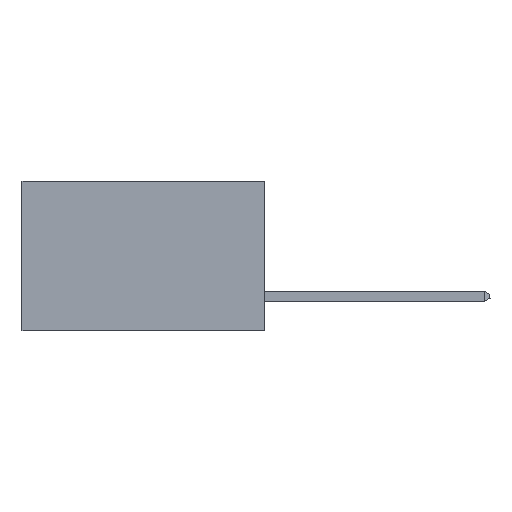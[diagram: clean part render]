
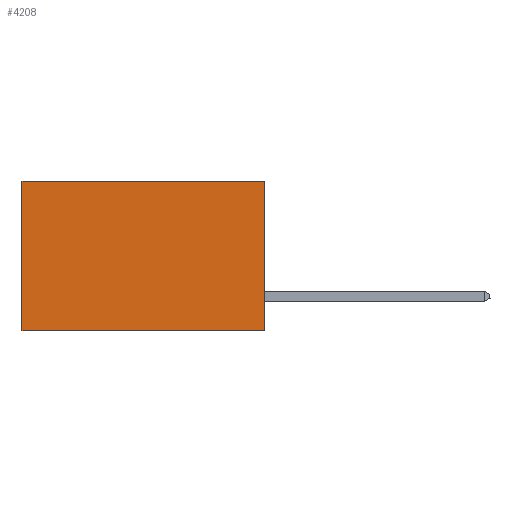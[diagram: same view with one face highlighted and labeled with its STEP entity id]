
A CAD part, left-side view. The second image highlights one B-rep face of the part: STEP entity #4208.
In plain terms, the highlighted planar face has unit normal (-1, 0, 0).
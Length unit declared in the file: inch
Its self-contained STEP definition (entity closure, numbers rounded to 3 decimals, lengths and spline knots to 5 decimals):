
#84 = CARTESIAN_POINT ( 'NONE',  ( 0.2615, 0., 0. ) ) ;
#1062 = DIRECTION ( 'NONE',  ( 0., 0., -1. ) ) ;
#1189 = EDGE_CURVE ( 'NONE', #4310, #8833, #10289, .T. ) ;
#1245 = CARTESIAN_POINT ( 'NONE',  ( 0.2615, 0., -0.37 ) ) ;
#1703 = ORIENTED_EDGE ( 'NONE', *, *, #9637, .T. ) ;
#1971 = ORIENTED_EDGE ( 'NONE', *, *, #1189, .T. ) ;
#2236 = DIRECTION ( 'NONE',  ( 1., 0., 0. ) ) ;
#2293 = LINE ( 'NONE', #9694, #10445 ) ;
#2671 = EDGE_CURVE ( 'NONE', #8874, #8833, #4186, .T. ) ;
#3285 = PLANE ( 'NONE',  #6437 ) ;
#3713 = CARTESIAN_POINT ( 'NONE',  ( 0.2615, 0.6, -0.37 ) ) ;
#3826 = FACE_OUTER_BOUND ( 'NONE', #5431, .T. ) ;
#3898 = DIRECTION ( 'NONE',  ( 0., 0., -1. ) ) ;
#4186 = LINE ( 'NONE', #12710, #13414 ) ;
#4208 = ADVANCED_FACE ( 'NONE', ( #3826 ), #3285, .F. ) ;
#4254 = ORIENTED_EDGE ( 'NONE', *, *, #8238, .F. ) ;
#4310 = VERTEX_POINT ( 'NONE', #12062 ) ;
#4724 = LINE ( 'NONE', #84, #5411 ) ;
#5192 = DIRECTION ( 'NONE',  ( 0., 1., 0. ) ) ;
#5411 = VECTOR ( 'NONE', #11836, 39.37008 ) ;
#5431 = EDGE_LOOP ( 'NONE', ( #1971, #11212, #4254, #1703 ) ) ;
#6437 = AXIS2_PLACEMENT_3D ( 'NONE', #1245, #2236, #9600 ) ;
#8238 = EDGE_CURVE ( 'NONE', #10044, #8874, #2293, .T. ) ;
#8833 = VERTEX_POINT ( 'NONE', #11642 ) ;
#8874 = VERTEX_POINT ( 'NONE', #10609 ) ;
#9061 = CARTESIAN_POINT ( 'NONE',  ( 0.2615, 0., 0. ) ) ;
#9600 = DIRECTION ( 'NONE',  ( 0., 0., -1. ) ) ;
#9637 = EDGE_CURVE ( 'NONE', #10044, #4310, #4724, .T. ) ;
#9694 = CARTESIAN_POINT ( 'NONE',  ( 0.2615, 0., -0.37 ) ) ;
#10044 = VERTEX_POINT ( 'NONE', #9061 ) ;
#10289 = LINE ( 'NONE', #3713, #13153 ) ;
#10445 = VECTOR ( 'NONE', #1062, 39.37008 ) ;
#10609 = CARTESIAN_POINT ( 'NONE',  ( 0.2615, 0., -0.37 ) ) ;
#11212 = ORIENTED_EDGE ( 'NONE', *, *, #2671, .F. ) ;
#11642 = CARTESIAN_POINT ( 'NONE',  ( 0.2615, 0.6, -0.37 ) ) ;
#11836 = DIRECTION ( 'NONE',  ( 0., 1., 0. ) ) ;
#12062 = CARTESIAN_POINT ( 'NONE',  ( 0.2615, 0.6, 0. ) ) ;
#12710 = CARTESIAN_POINT ( 'NONE',  ( 0.2615, 0., -0.37 ) ) ;
#13153 = VECTOR ( 'NONE', #3898, 39.37008 ) ;
#13414 = VECTOR ( 'NONE', #5192, 39.37008 ) ;
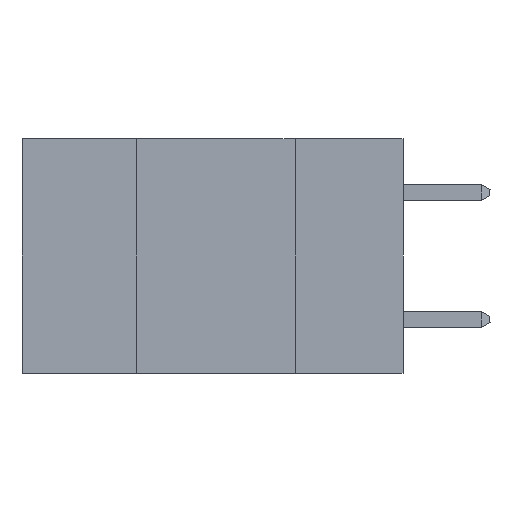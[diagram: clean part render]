
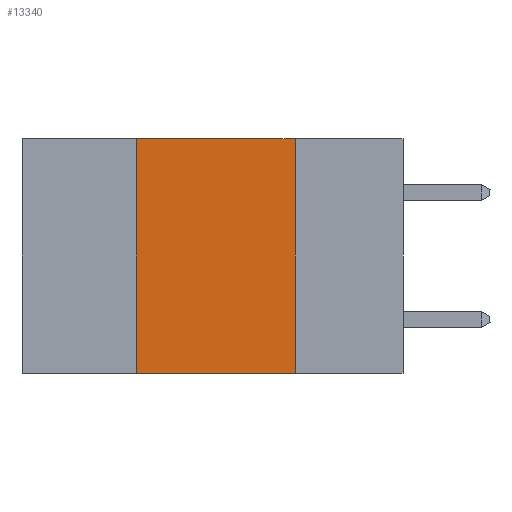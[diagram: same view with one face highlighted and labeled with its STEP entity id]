
A CAD part, left-side view. The second image highlights one B-rep face of the part: STEP entity #13340.
In plain terms, the highlighted planar face has unit normal (-1, 0, 0).
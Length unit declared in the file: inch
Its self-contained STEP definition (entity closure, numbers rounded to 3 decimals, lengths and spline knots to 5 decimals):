
#1957 = CARTESIAN_POINT ( 'NONE',  ( 0., 0.17, -0.37 ) ) ;
#2162 = CARTESIAN_POINT ( 'NONE',  ( 0., 0.6, 0. ) ) ;
#2271 = DIRECTION ( 'NONE',  ( 0., 0., -1. ) ) ;
#3048 = DIRECTION ( 'NONE',  ( 0., -1., 0. ) ) ;
#3246 = ORIENTED_EDGE ( 'NONE', *, *, #19353, .T. ) ;
#4491 = DIRECTION ( 'NONE',  ( 0., 0., -1. ) ) ;
#5122 = AXIS2_PLACEMENT_3D ( 'NONE', #31338, #30998, #2271 ) ;
#5486 = CARTESIAN_POINT ( 'NONE',  ( 0., 0.42, -0.37 ) ) ;
#6720 = VERTEX_POINT ( 'NONE', #1957 ) ;
#6781 = CARTESIAN_POINT ( 'NONE',  ( 0., 0.17, 0. ) ) ;
#6926 = VERTEX_POINT ( 'NONE', #5486 ) ;
#7643 = CARTESIAN_POINT ( 'NONE',  ( 0., 0.42, 0. ) ) ;
#8913 = CARTESIAN_POINT ( 'NONE',  ( 0., 0.42, 0. ) ) ;
#9475 = EDGE_CURVE ( 'NONE', #6926, #11919, #21105, .T. ) ;
#10075 = VECTOR ( 'NONE', #31968, 39.37008 ) ;
#11919 = VERTEX_POINT ( 'NONE', #8913 ) ;
#12752 = VECTOR ( 'NONE', #3048, 39.37008 ) ;
#13340 = ADVANCED_FACE ( 'NONE', ( #13636 ), #30882, .F. ) ;
#13636 = FACE_OUTER_BOUND ( 'NONE', #24920, .T. ) ;
#14934 = ORIENTED_EDGE ( 'NONE', *, *, #9475, .F. ) ;
#15373 = EDGE_CURVE ( 'NONE', #11919, #16062, #18484, .T. ) ;
#16062 = VERTEX_POINT ( 'NONE', #6781 ) ;
#16294 = ORIENTED_EDGE ( 'NONE', *, *, #15373, .F. ) ;
#18484 = LINE ( 'NONE', #2162, #12752 ) ;
#19353 = EDGE_CURVE ( 'NONE', #6926, #6720, #32995, .T. ) ;
#19971 = ORIENTED_EDGE ( 'NONE', *, *, #29085, .F. ) ;
#21105 = LINE ( 'NONE', #7643, #10075 ) ;
#22644 = CARTESIAN_POINT ( 'NONE',  ( 0., 0.17, 0. ) ) ;
#24259 = VECTOR ( 'NONE', #4491, 39.37008 ) ;
#24651 = CARTESIAN_POINT ( 'NONE',  ( 0., 0.6, -0.37 ) ) ;
#24920 = EDGE_LOOP ( 'NONE', ( #19971, #16294, #14934, #3246 ) ) ;
#26887 = VECTOR ( 'NONE', #32691, 39.37008 ) ;
#29085 = EDGE_CURVE ( 'NONE', #16062, #6720, #32777, .T. ) ;
#30882 = PLANE ( 'NONE',  #5122 ) ;
#30998 = DIRECTION ( 'NONE',  ( 1., 0., 0. ) ) ;
#31338 = CARTESIAN_POINT ( 'NONE',  ( 0., 0.6, 0. ) ) ;
#31968 = DIRECTION ( 'NONE',  ( 0., 0., 1. ) ) ;
#32691 = DIRECTION ( 'NONE',  ( 0., -1., 0. ) ) ;
#32777 = LINE ( 'NONE', #22644, #24259 ) ;
#32995 = LINE ( 'NONE', #24651, #26887 ) ;
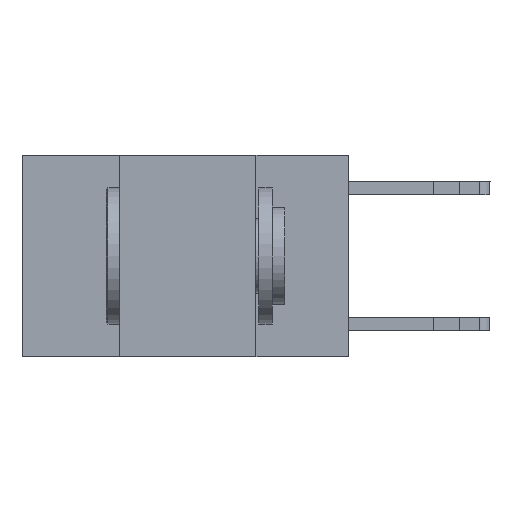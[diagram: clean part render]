
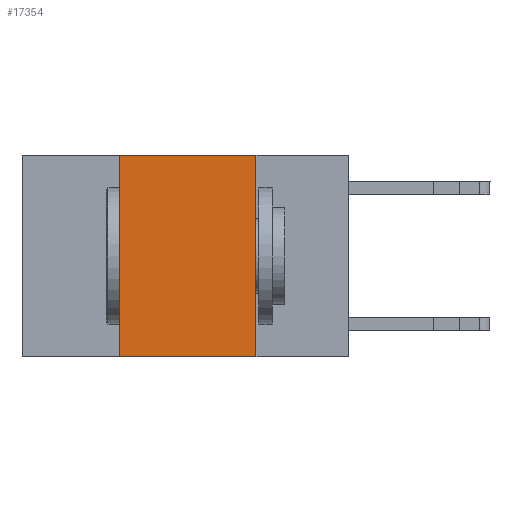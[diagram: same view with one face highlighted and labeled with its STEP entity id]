
A CAD part, left-side view. The second image highlights one B-rep face of the part: STEP entity #17354.
In plain terms, the highlighted planar face has unit normal (-1, 0, 0).
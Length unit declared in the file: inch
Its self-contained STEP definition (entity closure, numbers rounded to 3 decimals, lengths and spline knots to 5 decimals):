
#70 = EDGE_LOOP ( 'NONE', ( #7106, #4570, #12206, #3896 ) ) ;
#558 = AXIS2_PLACEMENT_3D ( 'NONE', #17892, #5793, #1524 ) ;
#584 = DIRECTION ( 'NONE',  ( 0., -1., 0. ) ) ;
#783 = CARTESIAN_POINT ( 'NONE',  ( 0., 0.17, 0. ) ) ;
#1524 = DIRECTION ( 'NONE',  ( 0., 0., -1. ) ) ;
#2044 = DIRECTION ( 'NONE',  ( 0., 0., -1. ) ) ;
#2385 = CARTESIAN_POINT ( 'NONE',  ( 0., 0.42, 0. ) ) ;
#2587 = CARTESIAN_POINT ( 'NONE',  ( 0., 0.6, -0.37 ) ) ;
#3896 = ORIENTED_EDGE ( 'NONE', *, *, #14114, .T. ) ;
#4570 = ORIENTED_EDGE ( 'NONE', *, *, #6350, .F. ) ;
#4902 = EDGE_CURVE ( 'NONE', #6568, #14832, #8128, .T. ) ;
#5793 = DIRECTION ( 'NONE',  ( 1., 0., 0. ) ) ;
#6350 = EDGE_CURVE ( 'NONE', #14832, #18720, #17026, .T. ) ;
#6568 = VERTEX_POINT ( 'NONE', #7180 ) ;
#6682 = CARTESIAN_POINT ( 'NONE',  ( 0., 0.6, 0. ) ) ;
#7106 = ORIENTED_EDGE ( 'NONE', *, *, #15289, .F. ) ;
#7180 = CARTESIAN_POINT ( 'NONE',  ( 0., 0.42, -0.37 ) ) ;
#8128 = LINE ( 'NONE', #2385, #9211 ) ;
#8838 = VERTEX_POINT ( 'NONE', #16370 ) ;
#9211 = VECTOR ( 'NONE', #11137, 39.37008 ) ;
#10207 = VECTOR ( 'NONE', #16314, 39.37008 ) ;
#10352 = LINE ( 'NONE', #2587, #10207 ) ;
#11080 = VECTOR ( 'NONE', #584, 39.37008 ) ;
#11137 = DIRECTION ( 'NONE',  ( 0., 0., 1. ) ) ;
#11566 = CARTESIAN_POINT ( 'NONE',  ( 0., 0.17, 0. ) ) ;
#12206 = ORIENTED_EDGE ( 'NONE', *, *, #4902, .F. ) ;
#12732 = VECTOR ( 'NONE', #2044, 39.37008 ) ;
#13809 = LINE ( 'NONE', #783, #12732 ) ;
#14114 = EDGE_CURVE ( 'NONE', #6568, #8838, #10352, .T. ) ;
#14832 = VERTEX_POINT ( 'NONE', #18543 ) ;
#14838 = FACE_OUTER_BOUND ( 'NONE', #70, .T. ) ;
#14947 = PLANE ( 'NONE',  #558 ) ;
#15289 = EDGE_CURVE ( 'NONE', #18720, #8838, #13809, .T. ) ;
#16314 = DIRECTION ( 'NONE',  ( 0., -1., 0. ) ) ;
#16370 = CARTESIAN_POINT ( 'NONE',  ( 0., 0.17, -0.37 ) ) ;
#17026 = LINE ( 'NONE', #6682, #11080 ) ;
#17354 = ADVANCED_FACE ( 'NONE', ( #14838 ), #14947, .F. ) ;
#17892 = CARTESIAN_POINT ( 'NONE',  ( 0., 0.6, 0. ) ) ;
#18543 = CARTESIAN_POINT ( 'NONE',  ( 0., 0.42, 0. ) ) ;
#18720 = VERTEX_POINT ( 'NONE', #11566 ) ;
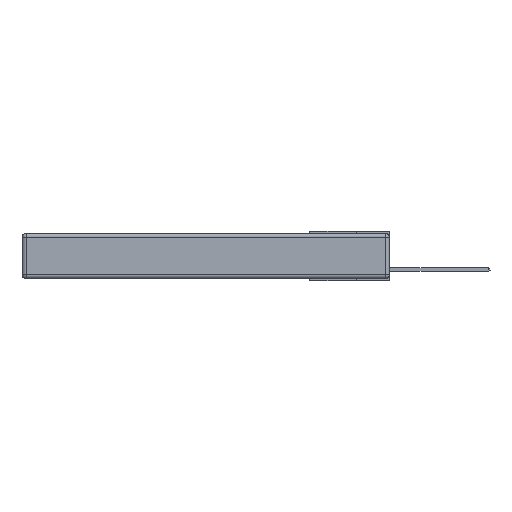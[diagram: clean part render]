
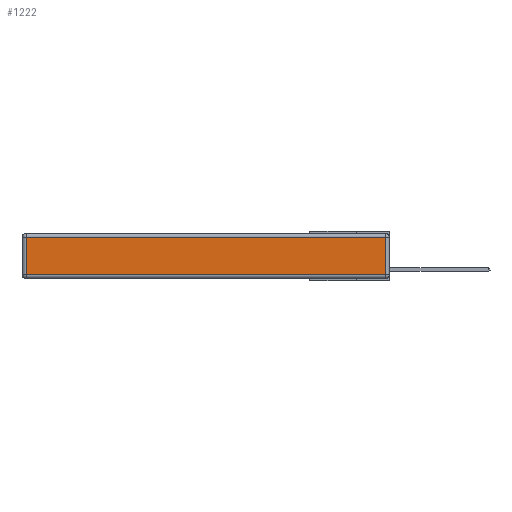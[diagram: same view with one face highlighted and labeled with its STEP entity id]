
A CAD part, left-side view. The second image highlights one B-rep face of the part: STEP entity #1222.
In plain terms, the highlighted planar face has unit normal (-1, 0, 0).
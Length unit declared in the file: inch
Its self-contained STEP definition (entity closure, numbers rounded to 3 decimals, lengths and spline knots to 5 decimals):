
#328 = EDGE_LOOP ( 'NONE', ( #22418, #13477, #18121, #4242 ) ) ;
#439 = EDGE_CURVE ( 'NONE', #7752, #2122, #3517, .T. ) ;
#1103 = LINE ( 'NONE', #21112, #8288 ) ;
#1222 = ADVANCED_FACE ( 'NONE', ( #19570 ), #15333, .T. ) ;
#2122 = VERTEX_POINT ( 'NONE', #32747 ) ;
#3517 = LINE ( 'NONE', #4319, #16822 ) ;
#4242 = ORIENTED_EDGE ( 'NONE', *, *, #9438, .T. ) ;
#4278 = VECTOR ( 'NONE', #25686, 39.37008 ) ;
#4319 = CARTESIAN_POINT ( 'NONE',  ( 0., 0.03, -0.343 ) ) ;
#4714 = LINE ( 'NONE', #12374, #7099 ) ;
#5155 = CARTESIAN_POINT ( 'NONE',  ( 0., 2.72, -0.03 ) ) ;
#5682 = DIRECTION ( 'NONE',  ( 0., 1., 0. ) ) ;
#7099 = VECTOR ( 'NONE', #25232, 39.37008 ) ;
#7752 = VERTEX_POINT ( 'NONE', #8045 ) ;
#8045 = CARTESIAN_POINT ( 'NONE',  ( 0., 0.03, -0.313 ) ) ;
#8288 = VECTOR ( 'NONE', #5682, 39.37008 ) ;
#9334 = DIRECTION ( 'NONE',  ( 0., 0., 1. ) ) ;
#9438 = EDGE_CURVE ( 'NONE', #16668, #14925, #4714, .T. ) ;
#10057 = CARTESIAN_POINT ( 'NONE',  ( 0., 0., -0.343 ) ) ;
#10274 = DIRECTION ( 'NONE',  ( 0., 0., 1. ) ) ;
#11084 = LINE ( 'NONE', #22786, #4278 ) ;
#12374 = CARTESIAN_POINT ( 'NONE',  ( 0., 2.72, -0.343 ) ) ;
#13215 = EDGE_CURVE ( 'NONE', #14925, #7752, #11084, .T. ) ;
#13477 = ORIENTED_EDGE ( 'NONE', *, *, #439, .T. ) ;
#14925 = VERTEX_POINT ( 'NONE', #24557 ) ;
#15333 = PLANE ( 'NONE',  #22995 ) ;
#16668 = VERTEX_POINT ( 'NONE', #5155 ) ;
#16822 = VECTOR ( 'NONE', #9334, 39.37008 ) ;
#17998 = EDGE_CURVE ( 'NONE', #2122, #16668, #1103, .T. ) ;
#18121 = ORIENTED_EDGE ( 'NONE', *, *, #17998, .T. ) ;
#19570 = FACE_OUTER_BOUND ( 'NONE', #328, .T. ) ;
#21112 = CARTESIAN_POINT ( 'NONE',  ( 0., 2.75, -0.03 ) ) ;
#22418 = ORIENTED_EDGE ( 'NONE', *, *, #13215, .T. ) ;
#22786 = CARTESIAN_POINT ( 'NONE',  ( 0., 0., -0.313 ) ) ;
#22995 = AXIS2_PLACEMENT_3D ( 'NONE', #10057, #33301, #10274 ) ;
#24557 = CARTESIAN_POINT ( 'NONE',  ( 0., 2.72, -0.313 ) ) ;
#25232 = DIRECTION ( 'NONE',  ( 0., 0., -1. ) ) ;
#25686 = DIRECTION ( 'NONE',  ( 0., -1., 0. ) ) ;
#32747 = CARTESIAN_POINT ( 'NONE',  ( 0., 0.03, -0.03 ) ) ;
#33301 = DIRECTION ( 'NONE',  ( -1., 0., 0. ) ) ;
* * *
EXERCISE = Word for word, output the lines from the beginning of the listing through the line holding "#9061 = CARTESIAN_POINT" and nothing beyond them. Omit the pictures.

PROBLEM SOLUTION =
[diagram: clean part render]
[diagram: same view with one face highlighted and labeled with its STEP entity id]
A CAD part, left-side view. The second image highlights one B-rep face of the part: STEP entity #4208.
In plain terms, the highlighted planar face has unit normal (-1, 0, 0).
Length unit declared in the file: inch
Its self-contained STEP definition (entity closure, numbers rounded to 3 decimals, lengths and spline knots to 5 decimals):
#84 = CARTESIAN_POINT ( 'NONE',  ( 0.2615, 0., 0. ) ) ;
#1062 = DIRECTION ( 'NONE',  ( 0., 0., -1. ) ) ;
#1189 = EDGE_CURVE ( 'NONE', #4310, #8833, #10289, .T. ) ;
#1245 = CARTESIAN_POINT ( 'NONE',  ( 0.2615, 0., -0.37 ) ) ;
#1703 = ORIENTED_EDGE ( 'NONE', *, *, #9637, .T. ) ;
#1971 = ORIENTED_EDGE ( 'NONE', *, *, #1189, .T. ) ;
#2236 = DIRECTION ( 'NONE',  ( 1., 0., 0. ) ) ;
#2293 = LINE ( 'NONE', #9694, #10445 ) ;
#2671 = EDGE_CURVE ( 'NONE', #8874, #8833, #4186, .T. ) ;
#3285 = PLANE ( 'NONE',  #6437 ) ;
#3713 = CARTESIAN_POINT ( 'NONE',  ( 0.2615, 0.6, -0.37 ) ) ;
#3826 = FACE_OUTER_BOUND ( 'NONE', #5431, .T. ) ;
#3898 = DIRECTION ( 'NONE',  ( 0., 0., -1. ) ) ;
#4186 = LINE ( 'NONE', #12710, #13414 ) ;
#4208 = ADVANCED_FACE ( 'NONE', ( #3826 ), #3285, .F. ) ;
#4254 = ORIENTED_EDGE ( 'NONE', *, *, #8238, .F. ) ;
#4310 = VERTEX_POINT ( 'NONE', #12062 ) ;
#4724 = LINE ( 'NONE', #84, #5411 ) ;
#5192 = DIRECTION ( 'NONE',  ( 0., 1., 0. ) ) ;
#5411 = VECTOR ( 'NONE', #11836, 39.37008 ) ;
#5431 = EDGE_LOOP ( 'NONE', ( #1971, #11212, #4254, #1703 ) ) ;
#6437 = AXIS2_PLACEMENT_3D ( 'NONE', #1245, #2236, #9600 ) ;
#8238 = EDGE_CURVE ( 'NONE', #10044, #8874, #2293, .T. ) ;
#8833 = VERTEX_POINT ( 'NONE', #11642 ) ;
#8874 = VERTEX_POINT ( 'NONE', #10609 ) ;
#9061 = CARTESIAN_POINT ( 'NONE',  ( 0.2615, 0., 0. ) ) ;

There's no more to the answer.